# Aim of the exercise:
Your answer must be an exact copy of the records below, minus any images.

(Beginning of Records for processing)

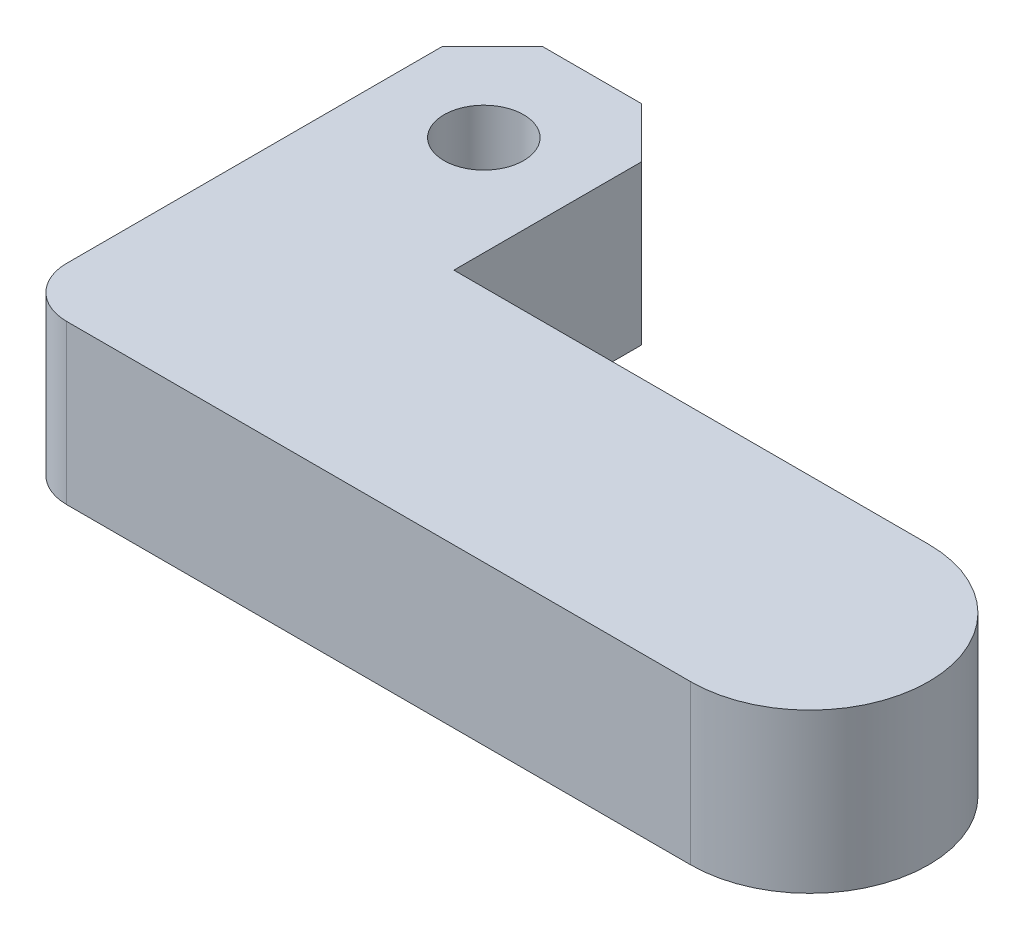
SolidWorks part; units mm, degrees
ref_plane "Front" through (0, 0, 0) normal (0, 0, 1) x (1, 0, 0)
ref_plane "Top" through (0, 0, 0) normal (0, 1, 0) x (1, 0, 0)
ref_plane "Right" through (0, 0, 0) normal (1, 0, 0) x (0, 0, -1)
sketch "Sketch1" plane through (0, 0, 0) normal (0, 1, 0) x (1, 0, 0)
  line L0 (0, 30) -> (0, 0)
  line L1 (0, 0) -> (42.5, 0)
  line L3 (42.5, 15) -> (12.573, 15)
  line L4 (12.573, 15) -> (12.573, 30)
  line L5 (12.573, 30) -> (0, 30)
  circle A0 centre (6.2865, 23.175) radius 2.5082
  arc A1 (42.5, 0) -> (42.5, 15) centre (42.5, 7.5) ccw
  point P2 (0, 0)
  point P6 (0, 0)
  point P10 (6.2865, 30)
  point P11 (50.466, 6.2824)
  point P14 (50, 0)
  point P15 (0, 0)
  point P16 (45.4363, 15)
  dimension "D4" = 5.0165
  dimension "D6" = 7.5
  dimension "D5" = 8.175
  dimension "D3" = 50
  dimension "D1" = 12.573
  dimension "D2" = 30
  dimension "D7" = 15
extrude "Boss-Extrude1" add sketch "Sketch1" along normal blind 10
fillet "Fillet1" radius 3.175 1 edges at (0, 5, 0)
chamfer "Chamfer1" distance 3.175 angle 45 2 edges at (0, 5, -30) (12.573, 5, -30)

(End of Records for processing)

# Response to the exercise:
SolidWorks part; units mm, degrees
ref_plane "Front" through (0, 0, 0) normal (0, 0, 1) x (1, 0, 0)
ref_plane "Top" through (0, 0, 0) normal (0, 1, 0) x (1, 0, 0)
ref_plane "Right" through (0, 0, 0) normal (1, 0, 0) x (0, 0, -1)
sketch "Sketch1" plane through (0, 0, 0) normal (0, 1, 0) x (1, 0, 0)
  line L0 (0, 30) -> (0, 0)
  line L1 (0, 0) -> (42.5, 0)
  line L3 (42.5, 15) -> (12.573, 15)
  line L4 (12.573, 15) -> (12.573, 30)
  line L5 (12.573, 30) -> (0, 30)
  circle A0 centre (6.2865, 23.175) radius 2.5082
  arc A1 (42.5, 0) -> (42.5, 15) centre (42.5, 7.5) ccw
  point P2 (0, 0)
  point P6 (0, 0)
  point P10 (6.2865, 30)
  point P11 (50.466, 6.2824)
  point P14 (50, 0)
  point P15 (0, 0)
  point P16 (45.4363, 15)
  dimension "D4" = 5.0165
  dimension "D6" = 7.5
  dimension "D5" = 8.175
  dimension "D3" = 50
  dimension "D1" = 12.573
  dimension "D2" = 30
  dimension "D7" = 15
extrude "Boss-Extrude1" add sketch "Sketch1" along normal blind 10
fillet "Fillet1" radius 3.175 1 edges at (0, 5, 0)
chamfer "Chamfer1" distance 3.175 angle 45 2 edges at (0, 5, -30) (12.573, 5, -30)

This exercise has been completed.